··· AVAILABLE DATA ···
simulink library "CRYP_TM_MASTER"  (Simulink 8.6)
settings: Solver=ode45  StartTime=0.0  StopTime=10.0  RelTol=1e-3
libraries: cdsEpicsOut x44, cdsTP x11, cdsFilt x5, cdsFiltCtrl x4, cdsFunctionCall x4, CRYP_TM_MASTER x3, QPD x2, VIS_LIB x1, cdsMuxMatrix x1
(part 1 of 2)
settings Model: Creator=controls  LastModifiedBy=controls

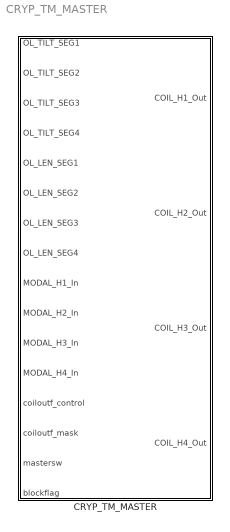
== system CRYP_TM_MASTER ==
  CRYP_TM_MASTER : Subsystem

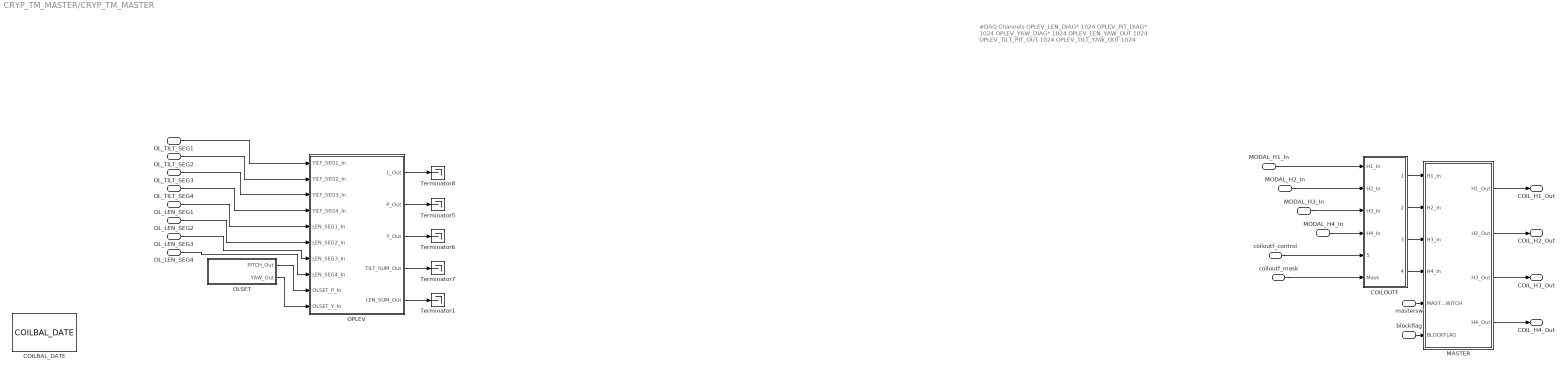
== system CRYP_TM_MASTER/CRYP_TM_MASTER ==
  note: #DAQ Channels
      | OPLEV_LEN_DIAG* 1024
      | OPLEV_PIT_DIAG* 1024
      | OPLEV_YAW_DIAG* 1024
      | OPLEV_LEN_YAW_OUT 1024
      | OPLEV_TILT_PIT_OUT 1024
      | OPLEV_TILT_YAW_OUT 1024
  OL_TILT_SEG1 : Inport
  OL_TILT_SEG2 : Inport  Port=2
  OL_TILT_SEG3 : Inport  Port=3
  OL_TILT_SEG4 : Inport  Port=4
  OL_LEN_SEG1 : Inport  Port=5
  OL_LEN_SEG2 : Inport  Port=6
  OL_LEN_SEG3 : Inport  Port=7
  OL_LEN_SEG4 : Inport  Port=8
  MODAL_H1_In : Inport  Port=9
  MODAL_H2_In : Inport  Port=10
  MODAL_H3_In : Inport  Port=11
  MODAL_H4_In : Inport  Port=12
  coiloutf_control : Inport  Port=13
  coiloutf_mask : Inport  Port=14
  mastersw : Inport  Port=15
  blockflag : Inport  Port=16
  COILBAL_DATE : VIS_LIB/COILBAL_DATE
  COILOUTF : Subsystem
  MASTER : Subsystem
  OLSET : Subsystem
  OPLEV : Subsystem
  Terminator{1,5..8} (5 alike) : Terminator
  COIL_H1_Out : Outport
  COIL_H2_Out : Outport  Port=2
  COIL_H3_Out : Outport  Port=3
  COIL_H4_Out : Outport  Port=4
  wires:
  MODAL_H4_In/1 -> COILOUTF/4(H4_In)
  MODAL_H3_In/1 -> COILOUTF/3(H3_In)
  MODAL_H2_In/1 -> COILOUTF/2(H2_In)
  MODAL_H1_In/1 -> COILOUTF/1(H1_In)
  OL_TILT_SEG3/1 -> OPLEV/3(TILT_SEG3_In)
  OL_LEN_SEG4/1 -> OPLEV/8(LEN_SEG4_In)
  OL_LEN_SEG3/1 -> OPLEV/7(LEN_SEG3_In)
  OL_LEN_SEG2/1 -> OPLEV/6(LEN_SEG2_In)
  OL_LEN_SEG1/1 -> OPLEV/5(LEN_SEG1_In)
  OL_TILT_SEG4/1 -> OPLEV/4(TILT_SEG4_In)
  OL_TILT_SEG2/1 -> OPLEV/2(TILT_SEG2_In)
  OL_TILT_SEG1/1 -> OPLEV/1(TILT_SEG1_In)
  COILOUTF/4(H4_Out) -> MASTER/4(H4_In)
  COILOUTF/3(H3_Out) -> MASTER/3(H3_In)
  COILOUTF/2(H2_Out) -> MASTER/2(H2_In)
  COILOUTF/1(H1_Out) -> MASTER/1(H1_In)
  MASTER/1(H1_Out) -> COIL_H1_Out/1
  MASTER/2(H2_Out) -> COIL_H2_Out/1
  MASTER/3(H3_Out) -> COIL_H3_Out/1
  MASTER/4(H4_Out) -> COIL_H4_Out/1
  OLSET/1(PITCH_Out) -> OPLEV/9(OLSET_P_In)
  OLSET/2(YAW_Out) -> OPLEV/10(OLSET_Y_In)
  coiloutf_control/1 -> COILOUTF/5(Control)
  coiloutf_mask/1 -> COILOUTF/6(Mask)
  mastersw/1 -> MASTER/5(MASTERSWITCH)
  blockflag/1 -> MASTER/6(BLOCKFLAG)
  OPLEV/1(L_Out) -> Terminator8/1
  OPLEV/2(P_Out) -> Terminator5/1
  OPLEV/3(Y_Out) -> Terminator6/1
  OPLEV/4(TILT_SUM_Out) -> Terminator7/1
  OPLEV/5(LEN_SUM_Out) -> Terminator1/1

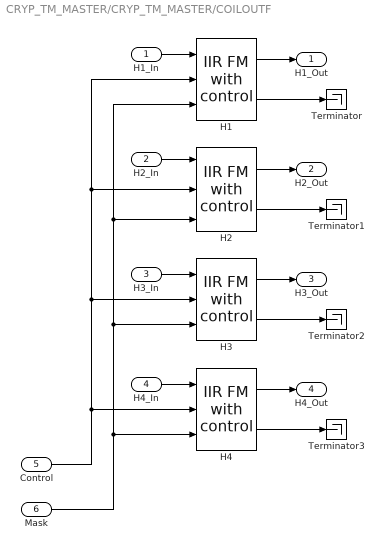
== system CRYP_TM_MASTER/CRYP_TM_MASTER/COILOUTF ==
  H1_In : Inport
  H2_In : Inport  Port=2
  H3_In : Inport  Port=3
  H4_In : Inport  Port=4
  Control : Inport  Port=5
  Mask : Inport  Port=6
  H1 : cdsFiltCtrl/IIR FM with control  Tag=cdsFiltCtrl  Description=|
      | cdsFiltCntrl is the standard IIR filter module (exactly the same as cdsFilt) but with added control data output 'Ctrl'. Filter module digital signal output appears on the first output, which is called 'Val'. 'Ctrl' output has a bit pattern encoding the state of filter's on/off switches (FM1 through FM10). The bit values are:
      |                                                                                                                                                                                                                                                                                                                                       
      | module 	hex	dec                                                                                                                                                                                                                                                                                                                       
      | -----------------------                                                                                                                                                                                                                                                                                                               
      | FM1	0x20                    32                                                                                                                                                                                                                                                                                                        
      | FM2	0x80                     128                                                                                                                                                                                                                                                                                                      
      | FM3	0x200                   512                                                                                                                                                                                                                                                                                                       
      | FM4	0x800                   2048                                                                                                                                                                                                                                                                                                      
      | FM5	0x2000                 8192                                                                                                                                                                                                                                                                                                       
      | FM6	0x8000                 32768                                                                                                                                                                                                                                                                                                      
      | FM7	0x20000                131072                                                                                                                                                                                                                                                                                                     
      | FM8	0x80000                 524288                                                                                                                                                                                                                                                                                                    
      | FM9	0x200000               2097152                                                                                                                                                                                                                                                                                                    
      | FM10	0x800000               8388608                                                                                                                                                                                                                                                                                                   
      |                                                                                                                                                                                                                                                                                                                                       
      | This bit data can be used to drive some other switches or it can be output using a binary I/O module.
      settings: AttributesFormatString=%<Tag>
  H2 : cdsFiltCtrl/IIR FM with control  Tag=cdsFiltCtrl  Description=|
      | cdsFiltCntrl is the standard IIR filter module (exactly the same as cdsFilt) but with added control data output 'Ctrl'. Filter module digital signal output appears on the first output, which is called 'Val'. 'Ctrl' output has a bit pattern encoding the state of filter's on/off switches (FM1 through FM10). The bit values are:
      |                                                                                                                                                                                                                                                                                                                                       
      | module 	hex	dec                                                                                                                                                                                                                                                                                                                       
      | -----------------------                                                                                                                                                                                                                                                                                                               
      | FM1	0x20                    32                                                                                                                                                                                                                                                                                                        
      | FM2	0x80                     128                                                                                                                                                                                                                                                                                                      
      | FM3	0x200                   512                                                                                                                                                                                                                                                                                                       
      | FM4	0x800                   2048                                                                                                                                                                                                                                                                                                      
      | FM5	0x2000                 8192                                                                                                                                                                                                                                                                                                       
      | FM6	0x8000                 32768                                                                                                                                                                                                                                                                                                      
      | FM7	0x20000                131072                                                                                                                                                                                                                                                                                                     
      | FM8	0x80000                 524288                                                                                                                                                                                                                                                                                                    
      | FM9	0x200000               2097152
···
# THE PROBLEM
Take the lines of the material above from the first through the one containing "note: #DAQ Channels", both included, and print them exactly without the pictures.

# TASK ANSWER
simulink library "CRYP_TM_MASTER"  (Simulink 8.6)
settings: Solver=ode45  StartTime=0.0  StopTime=10.0  RelTol=1e-3
libraries: cdsEpicsOut x44, cdsTP x11, cdsFilt x5, cdsFiltCtrl x4, cdsFunctionCall x4, CRYP_TM_MASTER x3, QPD x2, VIS_LIB x1, cdsMuxMatrix x1
(part 1 of 2)
settings Model: Creator=controls  LastModifiedBy=controls

== system CRYP_TM_MASTER ==
  CRYP_TM_MASTER : Subsystem

== system CRYP_TM_MASTER/CRYP_TM_MASTER ==
  note: #DAQ Channels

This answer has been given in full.